Sehr geehrte Frau Präsidentin, sehr geehrte Damen und Herren!

Als Sozialpädagogin weiß ich, dass es immer gut ist, mit einem Lob zu beginnen, wenn man erreichen will, dass das Gegenüber einem zuhört. Nehmen Sie es sozusagen als ein Coaching von links: Ich habe wirklich drei Dinge in Ihrem Sozialhaushalt gefunden, die zu erwähnen und zu loben sind und zu denen ich etwas sagen möchte: Erstens. Sie führen endlich ein Sinnesbehindertengeld ein, welches auch gehörlose und taubblinde Menschen unterstützt. Zweitens. Sie stellen mehr Geld für die Kitas zur Verfügung. Drittens. Sie beginnen mit einer besseren Umsetzung der Unterstützung der hessischen Hebammen. – Das sind doch drei erfreuliche Botschaften.

(Demonstrativer Beifall BÜNDNIS 90/DIE GRÜNEN)

Ich will Ihnen aber nicht verhehlen: Jede dieser Botschaft enthält auch einen dicken Wermutstropfen. Das Sinnesbehindertengeld steht seit Jahren auf der Tagesordnung. Sie sind also ziemlich spät dran, auch im Vergleich der Bundesländer. Zudem soll dieses Geld nicht einmal ab Januar nächsten Jahres gezahlt werden, sondern erst ab April. Ich weiß wirklich nicht, warum Sie jetzt noch so lange zögern. Sie könnten das Gesetz rückwirkend in Kraft treten lassen. Danach steht Ihnen aber offensichtlich nicht der Sinn.
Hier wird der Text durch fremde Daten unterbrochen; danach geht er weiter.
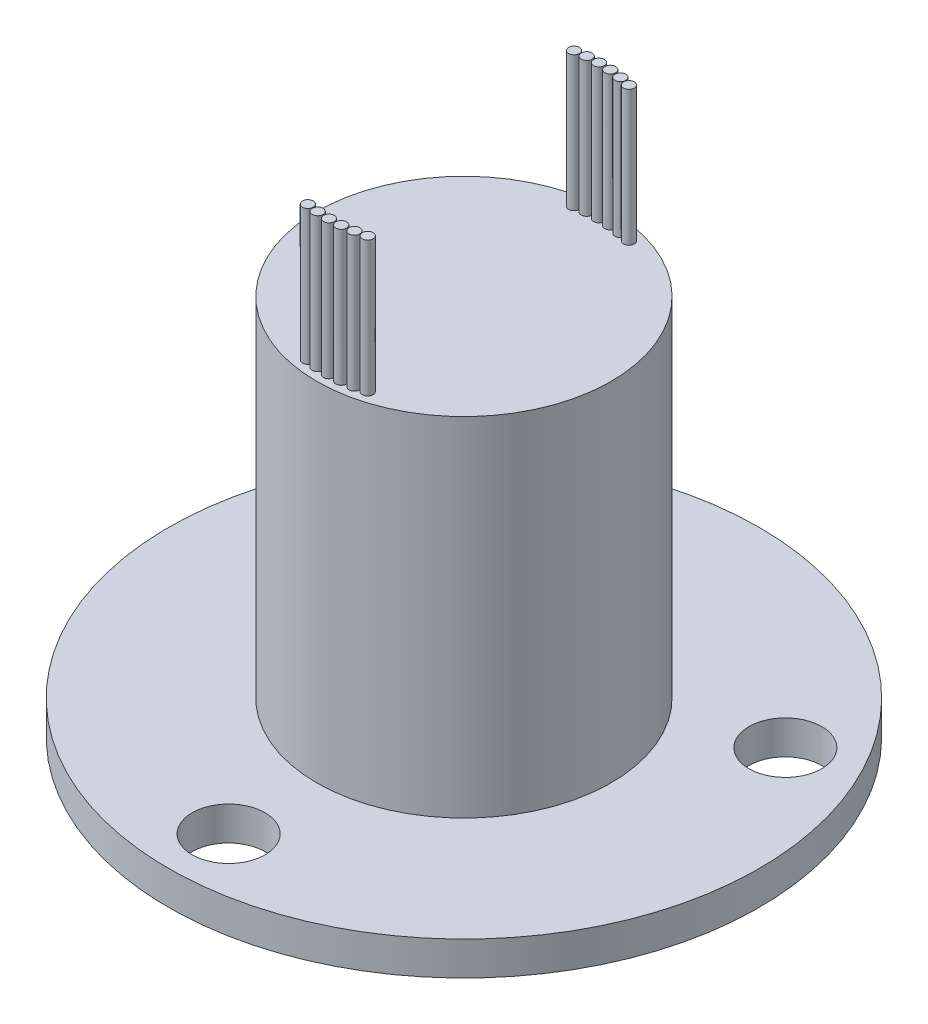
ISO-10303-21;
HEADER;
FILE_DESCRIPTION(('STEP AP214'),'2;1');
FILE_NAME('part.step','',(''),(''),'','','');
FILE_SCHEMA(('AUTOMOTIVE_DESIGN { 1 0 10303 214 1 1 1 1 }'));
ENDSEC;
DATA;
#1=APPLICATION_CONTEXT('core data for automotive mechanical design processes');
#2=APPLICATION_PROTOCOL_DEFINITION('international standard','automotive_design',2000,#1);
#3=PRODUCT_CONTEXT('',#1,'mechanical');
#4=PRODUCT('Part','Part','',(#3));
#5=PRODUCT_RELATED_PRODUCT_CATEGORY('part','',(#4));
#6=PRODUCT_DEFINITION_FORMATION('','',#4);
#7=PRODUCT_DEFINITION_CONTEXT('part definition',#1,'design');
#8=PRODUCT_DEFINITION('design','',#6,#7);
#9=PRODUCT_DEFINITION_SHAPE('','',#8);
#10=(LENGTH_UNIT() NAMED_UNIT(*) SI_UNIT(.MILLI.,.METRE.));
#11=(NAMED_UNIT(*) PLANE_ANGLE_UNIT() SI_UNIT($,.RADIAN.));
#12=(NAMED_UNIT(*) SI_UNIT($,.STERADIAN.) SOLID_ANGLE_UNIT());
#13=UNCERTAINTY_MEASURE_WITH_UNIT(LENGTH_MEASURE(1.E-05),#10,'distance_accuracy_value','');
#14=(GEOMETRIC_REPRESENTATION_CONTEXT(3) GLOBAL_UNCERTAINTY_ASSIGNED_CONTEXT((#13)) GLOBAL_UNIT_ASSIGNED_CONTEXT((#10,
#11,#12)) REPRESENTATION_CONTEXT('',''));
#15=CARTESIAN_POINT('',(0.,0.,0.));
#16=DIRECTION('',(0.,0.,1.));
#17=DIRECTION('',(1.,0.,0.));
#18=AXIS2_PLACEMENT_3D('',#15,#16,#17);
#19=CARTESIAN_POINT('',(0.,2.5,0.));
#20=DIRECTION('',(0.,-1.,0.));
#21=DIRECTION('',(0.,0.,-1.));
#22=AXIS2_PLACEMENT_3D('',#19,#20,#21);
#23=CYLINDRICAL_SURFACE('',#22,21.875);
#24=CARTESIAN_POINT('',(0.,2.5,0.));
#25=DIRECTION('',(0.,-1.,0.));
#26=DIRECTION('',(0.,0.,-1.));
#27=AXIS2_PLACEMENT_3D('',#24,#25,#26);
#28=CIRCLE('',#27,21.875);
#29=CARTESIAN_POINT('',(0.,2.5,-21.875));
#30=VERTEX_POINT('',#29);
#31=EDGE_CURVE('E79',#30,#30,#28,.T.);
#32=ORIENTED_EDGE('',*,*,#31,.T.);
#33=EDGE_LOOP('',(#32));
#34=FACE_BOUND('',#33,.T.);
#35=CARTESIAN_POINT('',(0.,0.,0.));
#36=DIRECTION('',(0.,-1.,0.));
#37=DIRECTION('',(0.,0.,-1.));
#38=AXIS2_PLACEMENT_3D('',#35,#36,#37);
#39=CIRCLE('',#38,21.875);
#40=CARTESIAN_POINT('',(0.,0.,-21.875));
#41=VERTEX_POINT('',#40);
#42=EDGE_CURVE('E82',#41,#41,#39,.T.);
#43=ORIENTED_EDGE('',*,*,#42,.F.);
#44=EDGE_LOOP('',(#43));
#45=FACE_BOUND('',#44,.T.);
#46=ADVANCED_FACE('F35',(#34,#45),#23,.T.);
#47=CARTESIAN_POINT('',(21.875,2.5,0.));
#48=DIRECTION('',(0.,1.,0.));
#49=DIRECTION('',(0.,0.,1.));
#50=AXIS2_PLACEMENT_3D('',#47,#48,#49);
#51=PLANE('',#50);
#52=CARTESIAN_POINT('',(0.,2.5,17.425));
#53=DIRECTION('',(0.,1.,0.));
#54=DIRECTION('',(0.,0.,1.));
#55=AXIS2_PLACEMENT_3D('',#52,#53,#54);
#56=CIRCLE('',#55,2.69999999999999);
#57=CARTESIAN_POINT('',(0.,2.5,20.125));
#58=VERTEX_POINT('',#57);
#59=EDGE_CURVE('E153',#58,#58,#56,.T.);
#60=ORIENTED_EDGE('',*,*,#59,.F.);
#61=EDGE_LOOP('',(#60));
#62=FACE_BOUND('',#61,.T.);
#63=CARTESIAN_POINT('',(-15.0904926609438,2.5,-8.71250000000007));
#64=DIRECTION('',(0.,1.,0.));
#65=DIRECTION('',(0.,0.,1.));
#66=AXIS2_PLACEMENT_3D('',#63,#64,#65);
#67=CIRCLE('',#66,2.69999999999999);
#68=CARTESIAN_POINT('',(-15.0904926609438,2.5,-6.01250000000008));
#69=VERTEX_POINT('',#68);
#70=EDGE_CURVE('E147',#69,#69,#67,.T.);
#71=ORIENTED_EDGE('',*,*,#70,.F.);
#72=EDGE_LOOP('',(#71));
#73=FACE_BOUND('',#72,.T.);
#74=CARTESIAN_POINT('',(15.0904926609438,2.5,-8.71250000000007));
#75=DIRECTION('',(0.,1.,0.));
#76=DIRECTION('',(0.,0.,1.));
#77=AXIS2_PLACEMENT_3D('',#74,#75,#76);
#78=CIRCLE('',#77,2.69999999999999);
#79=CARTESIAN_POINT('',(15.0904926609438,2.5,-6.01250000000008));
#80=VERTEX_POINT('',#79);
#81=EDGE_CURVE('E141',#80,#80,#78,.T.);
#82=ORIENTED_EDGE('',*,*,#81,.F.);
#83=EDGE_LOOP('',(#82));
#84=FACE_BOUND('',#83,.T.);
#85=CARTESIAN_POINT('',(0.,2.5,0.));
#86=DIRECTION('',(0.,1.,0.));
#87=DIRECTION('',(0.,0.,1.));
#88=AXIS2_PLACEMENT_3D('',#85,#86,#87);
#89=CIRCLE('',#88,10.9);
#90=CARTESIAN_POINT('',(0.,2.5,10.9));
#91=VERTEX_POINT('',#90);
#92=EDGE_CURVE('E78',#91,#91,#89,.T.);
#93=ORIENTED_EDGE('',*,*,#92,.F.);
#94=EDGE_LOOP('',(#93));
#95=FACE_BOUND('',#94,.T.);
#96=ORIENTED_EDGE('',*,*,#31,.F.);
#97=EDGE_LOOP('',(#96));
#98=FACE_BOUND('',#97,.T.);
#99=ADVANCED_FACE('F184',(#62,#73,#84,#95,#98),#51,.T.);
#100=CARTESIAN_POINT('',(0.,0.,0.));
#101=DIRECTION('',(0.,-1.,0.));
#102=DIRECTION('',(0.,0.,-1.));
#103=AXIS2_PLACEMENT_3D('',#100,#101,#102);
#104=PLANE('',#103);
#105=CARTESIAN_POINT('',(0.,0.,17.425));
#106=DIRECTION('',(0.,1.,0.));
#107=DIRECTION('',(0.,0.,1.));
#108=AXIS2_PLACEMENT_3D('',#105,#106,#107);
#109=CIRCLE('',#108,2.69999999999999);
#110=CARTESIAN_POINT('',(0.,0.,20.125));
#111=VERTEX_POINT('',#110);
#112=EDGE_CURVE('E150',#111,#111,#109,.T.);
#113=ORIENTED_EDGE('',*,*,#112,.T.);
#114=EDGE_LOOP('',(#113));
#115=FACE_BOUND('',#114,.T.);
#116=CARTESIAN_POINT('',(-15.0904926609438,0.,-8.71250000000007));
#117=DIRECTION('',(0.,1.,0.));
#118=DIRECTION('',(0.,0.,1.));
#119=AXIS2_PLACEMENT_3D('',#116,#117,#118);
#120=CIRCLE('',#119,2.69999999999999);
#121=CARTESIAN_POINT('',(-15.0904926609438,0.,-6.01250000000008));
#122=VERTEX_POINT('',#121);
#123=EDGE_CURVE('E144',#122,#122,#120,.T.);
#124=ORIENTED_EDGE('',*,*,#123,.T.);
#125=EDGE_LOOP('',(#124));
#126=FACE_BOUND('',#125,.T.);
#127=CARTESIAN_POINT('',(15.0904926609438,0.,-8.71250000000007));
#128=DIRECTION('',(0.,1.,0.));
#129=DIRECTION('',(0.,0.,1.));
#130=AXIS2_PLACEMENT_3D('',#127,#128,#129);
#131=CIRCLE('',#130,2.69999999999999);
#132=CARTESIAN_POINT('',(15.0904926609438,0.,-6.01250000000008));
#133=VERTEX_POINT('',#132);
#134=EDGE_CURVE('E138',#133,#133,#131,.T.);
#135=ORIENTED_EDGE('',*,*,#134,.T.);
#136=EDGE_LOOP('',(#135));
#137=FACE_BOUND('',#136,.T.);
#138=CARTESIAN_POINT('',(0.,0.,0.));
#139=DIRECTION('',(0.,-1.,0.));
#140=DIRECTION('',(0.,0.,-1.));
#141=AXIS2_PLACEMENT_3D('',#138,#139,#140);
#142=CIRCLE('',#141,9.59999999999999);
#143=CARTESIAN_POINT('',(0.,0.,-9.59999999999999));
#144=VERTEX_POINT('',#143);
#145=EDGE_CURVE('E93',#144,#144,#142,.T.);
#146=ORIENTED_EDGE('',*,*,#145,.F.);
#147=EDGE_LOOP('',(#146));
#148=FACE_BOUND('',#147,.T.);
#149=ORIENTED_EDGE('',*,*,#42,.T.);
#150=EDGE_LOOP('',(#149));
#151=FACE_BOUND('',#150,.T.);
#152=ADVANCED_FACE('F189',(#115,#126,#137,#148,#151),#104,.T.);
#153=CARTESIAN_POINT('',(0.,28.25,0.));
#154=DIRECTION('',(0.,-1.,0.));
#155=DIRECTION('',(0.,0.,-1.));
#156=AXIS2_PLACEMENT_3D('',#153,#154,#155);
#157=CYLINDRICAL_SURFACE('',#156,10.9);
#158=CARTESIAN_POINT('',(0.,28.25,0.));
#159=DIRECTION('',(0.,1.,0.));
#160=DIRECTION('',(0.,0.,1.));
#161=AXIS2_PLACEMENT_3D('',#158,#159,#160);
#162=CIRCLE('',#161,10.9);
#163=CARTESIAN_POINT('',(0.,28.25,10.9));
#164=VERTEX_POINT('',#163);
#165=EDGE_CURVE('E85',#164,#164,#162,.T.);
#166=ORIENTED_EDGE('',*,*,#165,.F.);
#167=EDGE_LOOP('',(#166));
#168=FACE_BOUND('',#167,.T.);
#169=ORIENTED_EDGE('',*,*,#92,.T.);
#170=EDGE_LOOP('',(#169));
#171=FACE_BOUND('',#170,.T.);
#172=ADVANCED_FACE('F196',(#168,#171),#157,.T.);
#173=CARTESIAN_POINT('',(0.,28.25,0.));
#174=DIRECTION('',(0.,1.,0.));
#175=DIRECTION('',(0.,0.,1.));
#176=AXIS2_PLACEMENT_3D('',#173,#174,#175);
#177=PLANE('',#176);
#178=CARTESIAN_POINT('',(2.54402640826538,28.25,9.67098390206748));
#179=DIRECTION('',(0.,1.,0.));
#180=DIRECTION('',(0.,0.,1.));
#181=AXIS2_PLACEMENT_3D('',#178,#179,#180);
#182=CIRCLE('',#181,0.399999999999999);
#183=CARTESIAN_POINT('',(2.54402640826538,28.25,10.0709839020675));
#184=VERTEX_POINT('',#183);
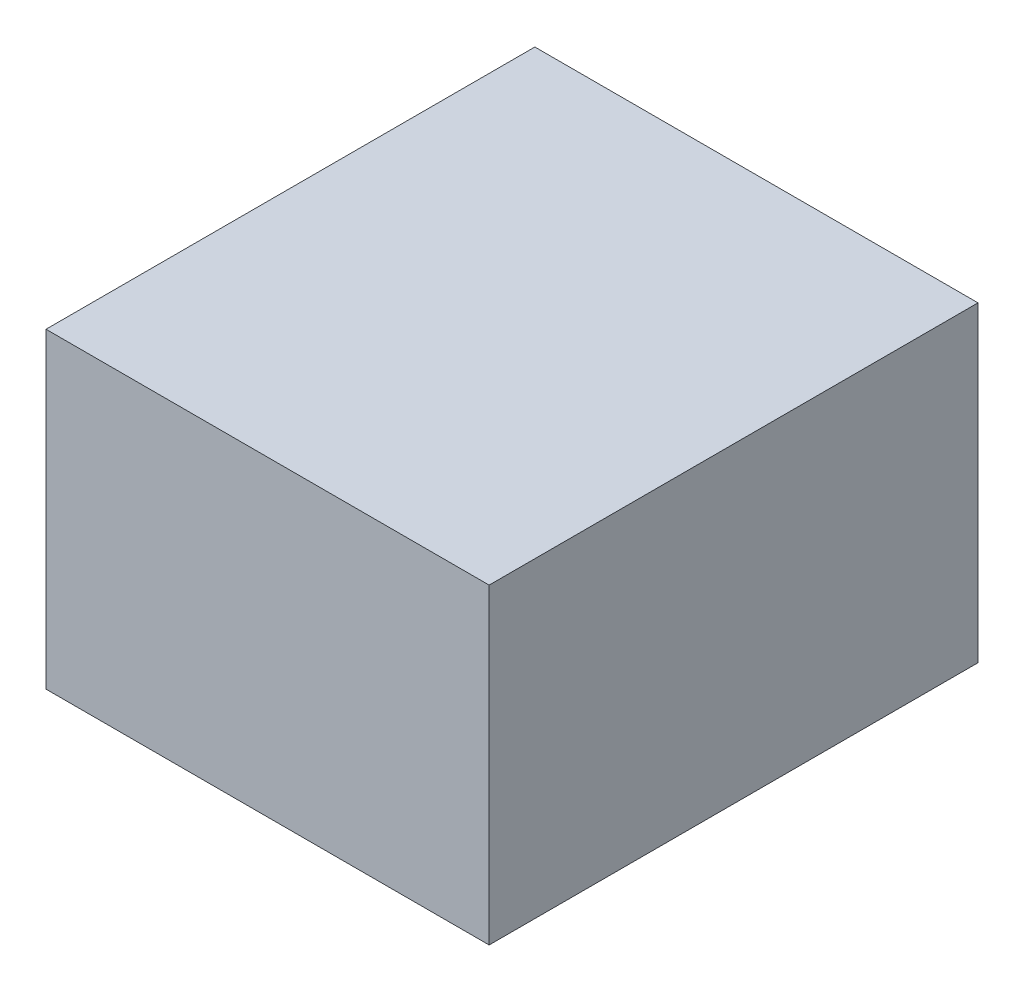
ISO-10303-21;
HEADER;
FILE_DESCRIPTION(('STEP AP214'),'2;1');
FILE_NAME('part.step','',(''),(''),'','','');
FILE_SCHEMA(('AUTOMOTIVE_DESIGN { 1 0 10303 214 1 1 1 1 }'));
ENDSEC;
DATA;
#1=APPLICATION_CONTEXT('core data for automotive mechanical design processes');
#2=APPLICATION_PROTOCOL_DEFINITION('international standard','automotive_design',2000,#1);
#3=PRODUCT_CONTEXT('',#1,'mechanical');
#4=PRODUCT('Part','Part','',(#3));
#5=PRODUCT_RELATED_PRODUCT_CATEGORY('part','',(#4));
#6=PRODUCT_DEFINITION_FORMATION('','',#4);
#7=PRODUCT_DEFINITION_CONTEXT('part definition',#1,'design');
#8=PRODUCT_DEFINITION('design','',#6,#7);
#9=PRODUCT_DEFINITION_SHAPE('','',#8);
#10=(LENGTH_UNIT() NAMED_UNIT(*) SI_UNIT(.MILLI.,.METRE.));
#11=(NAMED_UNIT(*) PLANE_ANGLE_UNIT() SI_UNIT($,.RADIAN.));
#12=(NAMED_UNIT(*) SI_UNIT($,.STERADIAN.) SOLID_ANGLE_UNIT());
#13=UNCERTAINTY_MEASURE_WITH_UNIT(LENGTH_MEASURE(1.E-05),#10,'distance_accuracy_value','');
#14=(GEOMETRIC_REPRESENTATION_CONTEXT(3) GLOBAL_UNCERTAINTY_ASSIGNED_CONTEXT((#13)) GLOBAL_UNIT_ASSIGNED_CONTEXT((#10,
#11,#12)) REPRESENTATION_CONTEXT('',''));
#15=CARTESIAN_POINT('',(0.,0.,0.));
#16=DIRECTION('',(0.,0.,1.));
#17=DIRECTION('',(1.,0.,0.));
#18=AXIS2_PLACEMENT_3D('',#15,#16,#17);
#19=CARTESIAN_POINT('',(0.,2.,0.));
#20=DIRECTION('',(1.,0.,0.));
#21=DIRECTION('',(0.,0.,-1.));
#22=AXIS2_PLACEMENT_3D('',#19,#20,#21);
#23=PLANE('',#22);
#24=DIRECTION('',(0.,0.,1.));
#25=VECTOR('',#24,1.);
#26=CARTESIAN_POINT('',(0.,0.,0.));
#27=LINE('',#26,#25);
#28=CARTESIAN_POINT('',(0.,0.,0.));
#29=VERTEX_POINT('',#28);
#30=CARTESIAN_POINT('',(0.,0.,3.13675937229618));
#31=VERTEX_POINT('',#30);
#32=EDGE_CURVE('E96',#29,#31,#27,.T.);
#33=ORIENTED_EDGE('',*,*,#32,.T.);
#34=DIRECTION('',(0.,-1.,0.));
#35=VECTOR('',#34,1.);
#36=CARTESIAN_POINT('',(0.,2.,3.13675937229618));
#37=LINE('',#36,#35);
#38=CARTESIAN_POINT('',(0.,2.,3.13675937229618));
#39=VERTEX_POINT('',#38);
#40=EDGE_CURVE('E11',#39,#31,#37,.T.);
#41=ORIENTED_EDGE('',*,*,#40,.F.);
#42=DIRECTION('',(0.,0.,1.));
#43=VECTOR('',#42,1.);
#44=CARTESIAN_POINT('',(0.,2.,0.));
#45=LINE('',#44,#43);
#46=CARTESIAN_POINT('',(0.,2.,0.));
#47=VERTEX_POINT('',#46);
#48=EDGE_CURVE('E84',#47,#39,#45,.T.);
#49=ORIENTED_EDGE('',*,*,#48,.F.);
#50=DIRECTION('',(0.,-1.,0.));
#51=VECTOR('',#50,1.);
#52=CARTESIAN_POINT('',(0.,2.,0.));
#53=LINE('',#52,#51);
#54=EDGE_CURVE('E92',#47,#29,#53,.T.);
#55=ORIENTED_EDGE('',*,*,#54,.T.);
#56=EDGE_LOOP('',(#33,#41,#49,#55));
#57=FACE_BOUND('',#56,.T.);
#58=ADVANCED_FACE('F33',(#57),#23,.F.);
#59=CARTESIAN_POINT('',(0.,2.,3.13675937229618));
#60=DIRECTION('',(0.,0.,-1.));
#61=DIRECTION('',(-1.,0.,0.));
#62=AXIS2_PLACEMENT_3D('',#59,#60,#61);
#63=PLANE('',#62);
#64=DIRECTION('',(1.,0.,0.));
#65=VECTOR('',#64,1.);
#66=CARTESIAN_POINT('',(0.,0.,3.13675937229618));
#67=LINE('',#66,#65);
#68=CARTESIAN_POINT('',(2.84343862136893,0.,3.13675937229618));
#69=VERTEX_POINT('',#68);
#70=EDGE_CURVE('E88',#31,#69,#67,.T.);
#71=ORIENTED_EDGE('',*,*,#70,.T.);
#72=DIRECTION('',(0.,-1.,0.));
#73=VECTOR('',#72,1.);
#74=CARTESIAN_POINT('',(2.84343862136893,2.,3.13675937229618));
#75=LINE('',#74,#73);
#76=CARTESIAN_POINT('',(2.84343862136893,2.,3.13675937229618));
#77=VERTEX_POINT('',#76);
#78=EDGE_CURVE('E41',#77,#69,#75,.T.);
#79=ORIENTED_EDGE('',*,*,#78,.F.);
#80=DIRECTION('',(1.,0.,0.));
#81=VECTOR('',#80,1.);
#82=CARTESIAN_POINT('',(0.,2.,3.13675937229618));
#83=LINE('',#82,#81);
#84=EDGE_CURVE('E79',#39,#77,#83,.T.);
#85=ORIENTED_EDGE('',*,*,#84,.F.);
#86=ORIENTED_EDGE('',*,*,#40,.T.);
#87=EDGE_LOOP('',(#71,#79,#85,#86));
#88=FACE_BOUND('',#87,.T.);
#89=ADVANCED_FACE('F87',(#88),#63,.F.);
#90=CARTESIAN_POINT('',(2.84343862136893,2.,0.));
#91=DIRECTION('',(-1.,0.,0.));
#92=DIRECTION('',(0.,0.,1.));
#93=AXIS2_PLACEMENT_3D('',#90,#91,#92);
#94=PLANE('',#93);
#95=DIRECTION('',(0.,0.,-1.));
#96=VECTOR('',#95,1.);
#97=CARTESIAN_POINT('',(2.84343862136893,0.,0.));
#98=LINE('',#97,#96);
#99=CARTESIAN_POINT('',(2.84343862136893,0.,0.));
#100=VERTEX_POINT('',#99);
#101=EDGE_CURVE('E66',#69,#100,#98,.T.);
#102=ORIENTED_EDGE('',*,*,#101,.T.);
#103=DIRECTION('',(0.,-1.,0.));
#104=VECTOR('',#103,1.);
#105=CARTESIAN_POINT('',(2.84343862136893,2.,0.));
#106=LINE('',#105,#104);
#107=CARTESIAN_POINT('',(2.84343862136893,2.,0.));
#108=VERTEX_POINT('',#107);
#109=EDGE_CURVE('E89',#108,#100,#106,.T.);
#110=ORIENTED_EDGE('',*,*,#109,.F.);
#111=DIRECTION('',(0.,0.,-1.));
#112=VECTOR('',#111,1.);
#113=CARTESIAN_POINT('',(2.84343862136893,2.,0.));
#114=LINE('',#113,#112);
#115=EDGE_CURVE('E82',#77,#108,#114,.T.);
#116=ORIENTED_EDGE('',*,*,#115,.F.);
#117=ORIENTED_EDGE('',*,*,#78,.T.);
#118=EDGE_LOOP('',(#102,#110,#116,#117));
#119=FACE_BOUND('',#118,.T.);
#120=ADVANCED_FACE('F90',(#119),#94,.F.);
#121=CARTESIAN_POINT('',(0.,2.,0.));
#122=DIRECTION('',(0.,0.,1.));
#123=DIRECTION('',(1.,0.,0.));
#124=AXIS2_PLACEMENT_3D('',#121,#122,#123);
#125=PLANE('',#124);
#126=DIRECTION('',(-1.,0.,0.));
#127=VECTOR('',#126,1.);
#128=CARTESIAN_POINT('',(0.,0.,0.));
#129=LINE('',#128,#127);
#130=EDGE_CURVE('E72',#100,#29,#129,.T.);
#131=ORIENTED_EDGE('',*,*,#130,.T.);
#132=ORIENTED_EDGE('',*,*,#54,.F.);
#133=DIRECTION('',(-1.,0.,0.));
#134=VECTOR('',#133,1.);
#135=CARTESIAN_POINT('',(0.,2.,0.));
#136=LINE('',#135,#134);
#137=EDGE_CURVE('E49',#108,#47,#136,.T.);
#138=ORIENTED_EDGE('',*,*,#137,.F.);
#139=ORIENTED_EDGE('',*,*,#109,.T.);
#140=EDGE_LOOP('',(#131,#132,#138,#139));
#141=FACE_BOUND('',#140,.T.);
#142=ADVANCED_FACE('F103',(#141),#125,.F.);
#143=CARTESIAN_POINT('',(0.,2.,0.));
#144=DIRECTION('',(0.,1.,0.));
#145=DIRECTION('',(0.,0.,1.));
#146=AXIS2_PLACEMENT_3D('',#143,#144,#145);
#147=PLANE('',#146);
#148=ORIENTED_EDGE('',*,*,#48,.T.);
#149=ORIENTED_EDGE('',*,*,#84,.T.);
#150=ORIENTED_EDGE('',*,*,#115,.T.);
#151=ORIENTED_EDGE('',*,*,#137,.T.);
#152=EDGE_LOOP('',(#148,#149,#150,#151));
#153=FACE_BOUND('',#152,.T.);
#154=ADVANCED_FACE('F80',(#153),#147,.T.);
#155=CARTESIAN_POINT('',(0.,0.,0.));
#156=DIRECTION('',(0.,1.,0.));
#157=DIRECTION('',(0.,0.,1.));
#158=AXIS2_PLACEMENT_3D('',#155,#156,#157);
#159=PLANE('',#158);
#160=ORIENTED_EDGE('',*,*,#32,.F.);
#161=ORIENTED_EDGE('',*,*,#130,.F.);
#162=ORIENTED_EDGE('',*,*,#101,.F.);
#163=ORIENTED_EDGE('',*,*,#70,.F.);
#164=EDGE_LOOP('',(#160,#161,#162,#163));
#165=FACE_BOUND('',#164,.T.);
#166=ADVANCED_FACE('F106',(#165),#159,.F.);
#167=CLOSED_SHELL('',(#58,#89,#120,#142,#154,#166));
#168=MANIFOLD_SOLID_BREP('B2',#167);
#169=ADVANCED_BREP_SHAPE_REPRESENTATION('',(#18,#168),#14);
#170=SHAPE_DEFINITION_REPRESENTATION(#9,#169);
ENDSEC;
END-ISO-10303-21;

Bei den höheren Zuwendungen für die Kitas bin ich einmal gespannt, wie viel mehr an Landesmitteln tatsächlich ankommen wird. Wir wissen doch, dass die schwarz-grüne Landesregierung sehr gerne auf das Geld setzt, das von den Kommunen kommt – wie z. B. bei den Krankenhäusern. Gerade für die Kitas wird wesentlich mehr Geld von den Kommunen als vom Land ausgegeben. Selbstverständlich nimmt das Land auch gern die Bundesmittel mit, um seine eigenen Mittel schönzurechnen.

Auch wenn wir sagen, es gibt mehr Geld in der pädagogischen Arbeit – was dringend erforderlich ist –, fehlt trotzdem immer noch eine Menge. Der Fachkräftemangel wird mit den vorgesehenen 600 praxisintegrierten vergüteten Ausbildungsplätzen noch nicht behoben sein. Auch die mittelbare pädagogische Arbeit fehlt in Ihrem Haushaltsentwurf immer noch – es gibt noch nicht einmal eine gesetzliche Regelung dafür –, und auch dem Ziel der Kostenfreiheit der frühkindlichen Bildung kommen wir mit dem Haushaltsentwurf keinen einzigen Schritt näher.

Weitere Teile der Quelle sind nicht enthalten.